● Action item
Every line below from the one containing "#105=VERTEX_POINT('',#104);" through the one containing "#127=DIRECTION('',(-1.,0.,0.));" must be transcribed exactly. Omit all lines outside that stretch.

Record set START

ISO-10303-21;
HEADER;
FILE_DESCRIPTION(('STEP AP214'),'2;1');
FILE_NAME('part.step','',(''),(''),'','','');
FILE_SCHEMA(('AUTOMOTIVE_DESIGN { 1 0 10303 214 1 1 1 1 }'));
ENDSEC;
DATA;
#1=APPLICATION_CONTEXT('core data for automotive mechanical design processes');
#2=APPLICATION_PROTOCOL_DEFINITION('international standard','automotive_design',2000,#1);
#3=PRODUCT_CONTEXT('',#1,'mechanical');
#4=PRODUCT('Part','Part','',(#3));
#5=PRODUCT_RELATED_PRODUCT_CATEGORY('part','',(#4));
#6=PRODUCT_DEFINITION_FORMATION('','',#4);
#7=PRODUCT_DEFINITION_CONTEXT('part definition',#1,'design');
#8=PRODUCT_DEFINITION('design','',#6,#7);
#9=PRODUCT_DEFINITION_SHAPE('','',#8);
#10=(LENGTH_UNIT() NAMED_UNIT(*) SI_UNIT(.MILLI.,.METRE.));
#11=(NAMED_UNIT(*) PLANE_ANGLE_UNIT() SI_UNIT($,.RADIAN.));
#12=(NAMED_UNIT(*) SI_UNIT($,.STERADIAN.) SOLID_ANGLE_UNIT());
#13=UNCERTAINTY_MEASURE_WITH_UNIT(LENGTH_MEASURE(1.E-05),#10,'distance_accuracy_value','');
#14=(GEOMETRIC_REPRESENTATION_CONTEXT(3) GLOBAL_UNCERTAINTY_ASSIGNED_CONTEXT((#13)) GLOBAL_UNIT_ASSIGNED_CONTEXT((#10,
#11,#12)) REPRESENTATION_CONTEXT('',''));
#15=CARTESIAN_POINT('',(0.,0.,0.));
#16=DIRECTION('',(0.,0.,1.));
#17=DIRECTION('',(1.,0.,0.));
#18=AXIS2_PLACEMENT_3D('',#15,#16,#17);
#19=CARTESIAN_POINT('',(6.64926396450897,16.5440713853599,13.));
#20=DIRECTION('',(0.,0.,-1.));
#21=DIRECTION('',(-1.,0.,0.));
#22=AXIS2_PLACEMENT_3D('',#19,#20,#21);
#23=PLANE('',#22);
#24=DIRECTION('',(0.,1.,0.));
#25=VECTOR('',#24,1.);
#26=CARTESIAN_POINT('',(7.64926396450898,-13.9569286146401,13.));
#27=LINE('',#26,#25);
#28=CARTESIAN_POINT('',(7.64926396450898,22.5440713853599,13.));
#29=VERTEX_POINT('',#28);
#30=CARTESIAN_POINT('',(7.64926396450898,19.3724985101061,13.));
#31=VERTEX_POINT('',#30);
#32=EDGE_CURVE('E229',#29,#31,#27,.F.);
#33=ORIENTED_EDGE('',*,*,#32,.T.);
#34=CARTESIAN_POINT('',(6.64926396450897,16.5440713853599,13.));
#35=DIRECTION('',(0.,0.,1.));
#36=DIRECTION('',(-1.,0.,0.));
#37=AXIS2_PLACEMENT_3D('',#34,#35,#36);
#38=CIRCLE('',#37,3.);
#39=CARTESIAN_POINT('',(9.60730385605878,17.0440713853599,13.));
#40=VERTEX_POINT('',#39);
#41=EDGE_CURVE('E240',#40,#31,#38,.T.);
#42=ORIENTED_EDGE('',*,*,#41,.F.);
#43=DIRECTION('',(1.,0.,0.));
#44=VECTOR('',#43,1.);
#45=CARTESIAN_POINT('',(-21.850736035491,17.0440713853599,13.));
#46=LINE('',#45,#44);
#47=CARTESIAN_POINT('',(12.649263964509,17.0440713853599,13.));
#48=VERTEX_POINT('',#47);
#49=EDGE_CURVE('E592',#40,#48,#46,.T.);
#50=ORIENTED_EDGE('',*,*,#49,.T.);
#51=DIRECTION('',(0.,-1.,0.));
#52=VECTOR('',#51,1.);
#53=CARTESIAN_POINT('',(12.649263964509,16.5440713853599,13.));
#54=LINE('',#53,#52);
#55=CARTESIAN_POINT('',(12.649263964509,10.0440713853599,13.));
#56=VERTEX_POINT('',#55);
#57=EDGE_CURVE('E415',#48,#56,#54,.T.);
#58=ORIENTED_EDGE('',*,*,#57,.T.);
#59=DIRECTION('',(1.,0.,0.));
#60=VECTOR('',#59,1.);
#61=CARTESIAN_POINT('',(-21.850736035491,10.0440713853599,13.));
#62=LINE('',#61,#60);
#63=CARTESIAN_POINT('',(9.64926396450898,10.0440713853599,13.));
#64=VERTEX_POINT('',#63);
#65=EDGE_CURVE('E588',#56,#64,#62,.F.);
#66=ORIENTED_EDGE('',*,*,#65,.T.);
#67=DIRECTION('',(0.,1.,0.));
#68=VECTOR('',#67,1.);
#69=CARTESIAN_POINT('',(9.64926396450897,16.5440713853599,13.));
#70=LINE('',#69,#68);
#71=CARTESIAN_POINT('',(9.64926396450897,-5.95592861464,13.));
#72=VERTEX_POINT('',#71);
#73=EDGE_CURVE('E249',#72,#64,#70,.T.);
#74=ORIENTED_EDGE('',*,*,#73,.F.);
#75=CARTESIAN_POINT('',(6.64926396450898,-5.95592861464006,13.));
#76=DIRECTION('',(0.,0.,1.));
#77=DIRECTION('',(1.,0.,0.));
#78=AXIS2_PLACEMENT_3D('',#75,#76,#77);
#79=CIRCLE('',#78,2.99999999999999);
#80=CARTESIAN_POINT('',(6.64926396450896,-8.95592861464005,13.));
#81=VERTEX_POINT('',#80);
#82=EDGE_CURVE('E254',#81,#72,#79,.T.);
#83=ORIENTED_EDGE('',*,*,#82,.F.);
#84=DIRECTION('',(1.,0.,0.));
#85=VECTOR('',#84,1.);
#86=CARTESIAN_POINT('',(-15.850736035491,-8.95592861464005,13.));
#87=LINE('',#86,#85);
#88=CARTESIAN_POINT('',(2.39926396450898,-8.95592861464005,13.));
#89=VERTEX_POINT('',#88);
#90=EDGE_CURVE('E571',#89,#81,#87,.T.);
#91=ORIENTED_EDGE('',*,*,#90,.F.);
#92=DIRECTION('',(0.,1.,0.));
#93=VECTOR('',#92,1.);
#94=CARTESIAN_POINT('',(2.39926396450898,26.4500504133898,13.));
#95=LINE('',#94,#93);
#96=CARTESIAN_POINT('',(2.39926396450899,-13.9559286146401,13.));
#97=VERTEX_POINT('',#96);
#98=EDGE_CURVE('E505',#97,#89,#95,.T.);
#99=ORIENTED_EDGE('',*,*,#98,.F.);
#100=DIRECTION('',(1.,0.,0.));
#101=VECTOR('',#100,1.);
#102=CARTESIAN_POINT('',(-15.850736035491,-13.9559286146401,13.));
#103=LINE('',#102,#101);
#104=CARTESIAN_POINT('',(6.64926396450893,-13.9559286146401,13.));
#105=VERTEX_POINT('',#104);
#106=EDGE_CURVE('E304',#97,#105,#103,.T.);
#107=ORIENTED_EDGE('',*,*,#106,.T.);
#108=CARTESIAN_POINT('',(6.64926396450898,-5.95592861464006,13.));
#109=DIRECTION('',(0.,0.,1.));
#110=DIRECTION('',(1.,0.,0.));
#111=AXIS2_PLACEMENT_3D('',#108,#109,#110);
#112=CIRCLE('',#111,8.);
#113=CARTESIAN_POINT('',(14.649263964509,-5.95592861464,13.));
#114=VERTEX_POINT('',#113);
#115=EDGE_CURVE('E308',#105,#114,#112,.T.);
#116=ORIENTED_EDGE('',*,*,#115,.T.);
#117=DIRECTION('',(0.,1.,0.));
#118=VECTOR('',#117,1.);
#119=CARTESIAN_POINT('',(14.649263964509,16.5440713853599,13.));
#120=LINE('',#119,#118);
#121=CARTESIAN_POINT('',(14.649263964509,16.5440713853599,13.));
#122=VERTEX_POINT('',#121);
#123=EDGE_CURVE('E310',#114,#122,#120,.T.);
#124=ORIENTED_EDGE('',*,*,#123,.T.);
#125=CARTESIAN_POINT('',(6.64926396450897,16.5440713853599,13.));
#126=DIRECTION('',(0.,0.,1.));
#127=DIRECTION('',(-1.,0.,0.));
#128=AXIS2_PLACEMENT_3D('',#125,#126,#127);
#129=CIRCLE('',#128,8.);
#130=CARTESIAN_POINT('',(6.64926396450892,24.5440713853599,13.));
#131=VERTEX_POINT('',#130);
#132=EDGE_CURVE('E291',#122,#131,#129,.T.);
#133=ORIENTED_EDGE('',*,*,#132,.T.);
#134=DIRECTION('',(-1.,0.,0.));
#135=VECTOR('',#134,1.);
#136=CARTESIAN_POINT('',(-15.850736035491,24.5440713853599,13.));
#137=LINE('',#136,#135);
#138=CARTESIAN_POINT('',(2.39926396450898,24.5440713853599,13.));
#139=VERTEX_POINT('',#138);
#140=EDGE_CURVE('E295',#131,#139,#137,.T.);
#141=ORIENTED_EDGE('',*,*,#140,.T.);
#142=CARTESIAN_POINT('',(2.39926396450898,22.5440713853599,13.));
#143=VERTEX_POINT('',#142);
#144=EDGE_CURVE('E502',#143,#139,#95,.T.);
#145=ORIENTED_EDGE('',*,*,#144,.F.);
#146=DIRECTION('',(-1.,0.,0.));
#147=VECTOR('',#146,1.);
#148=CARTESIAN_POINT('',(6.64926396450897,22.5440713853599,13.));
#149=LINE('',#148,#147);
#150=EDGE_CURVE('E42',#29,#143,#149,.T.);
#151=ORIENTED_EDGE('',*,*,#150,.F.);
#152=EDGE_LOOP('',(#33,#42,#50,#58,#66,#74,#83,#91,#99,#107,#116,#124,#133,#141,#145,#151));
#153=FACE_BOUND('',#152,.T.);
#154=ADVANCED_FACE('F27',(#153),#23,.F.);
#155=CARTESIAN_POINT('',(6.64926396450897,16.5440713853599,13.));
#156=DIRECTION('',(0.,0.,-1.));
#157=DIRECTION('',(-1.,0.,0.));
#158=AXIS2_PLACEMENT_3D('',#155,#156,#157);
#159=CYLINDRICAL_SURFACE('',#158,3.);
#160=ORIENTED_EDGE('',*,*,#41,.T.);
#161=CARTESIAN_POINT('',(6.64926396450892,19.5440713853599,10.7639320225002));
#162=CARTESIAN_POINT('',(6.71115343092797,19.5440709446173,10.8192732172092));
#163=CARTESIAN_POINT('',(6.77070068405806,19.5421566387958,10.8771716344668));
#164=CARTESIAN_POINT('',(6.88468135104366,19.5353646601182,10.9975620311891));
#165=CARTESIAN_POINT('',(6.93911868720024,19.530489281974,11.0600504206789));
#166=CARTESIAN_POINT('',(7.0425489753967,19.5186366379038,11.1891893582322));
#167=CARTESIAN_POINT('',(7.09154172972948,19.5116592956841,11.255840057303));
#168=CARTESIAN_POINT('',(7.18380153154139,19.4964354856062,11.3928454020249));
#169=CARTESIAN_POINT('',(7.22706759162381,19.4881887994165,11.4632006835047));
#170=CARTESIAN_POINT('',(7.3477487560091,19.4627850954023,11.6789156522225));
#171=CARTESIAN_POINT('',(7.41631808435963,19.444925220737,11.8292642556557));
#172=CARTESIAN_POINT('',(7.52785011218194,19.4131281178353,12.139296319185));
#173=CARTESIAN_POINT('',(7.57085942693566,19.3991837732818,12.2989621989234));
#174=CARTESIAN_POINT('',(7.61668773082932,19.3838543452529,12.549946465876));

Record set END

● Worked solution
#105=VERTEX_POINT('',#104);
#106=EDGE_CURVE('E304',#97,#105,#103,.T.);
#107=ORIENTED_EDGE('',*,*,#106,.T.);
#108=CARTESIAN_POINT('',(6.64926396450898,-5.95592861464006,13.));
#109=DIRECTION('',(0.,0.,1.));
#110=DIRECTION('',(1.,0.,0.));
#111=AXIS2_PLACEMENT_3D('',#108,#109,#110);
#112=CIRCLE('',#111,8.);
#113=CARTESIAN_POINT('',(14.649263964509,-5.95592861464,13.));
#114=VERTEX_POINT('',#113);
#115=EDGE_CURVE('E308',#105,#114,#112,.T.);
#116=ORIENTED_EDGE('',*,*,#115,.T.);
#117=DIRECTION('',(0.,1.,0.));
#118=VECTOR('',#117,1.);
#119=CARTESIAN_POINT('',(14.649263964509,16.5440713853599,13.));
#120=LINE('',#119,#118);
#121=CARTESIAN_POINT('',(14.649263964509,16.5440713853599,13.));
#122=VERTEX_POINT('',#121);
#123=EDGE_CURVE('E310',#114,#122,#120,.T.);
#124=ORIENTED_EDGE('',*,*,#123,.T.);
#125=CARTESIAN_POINT('',(6.64926396450897,16.5440713853599,13.));
#126=DIRECTION('',(0.,0.,1.));
#127=DIRECTION('',(-1.,0.,0.));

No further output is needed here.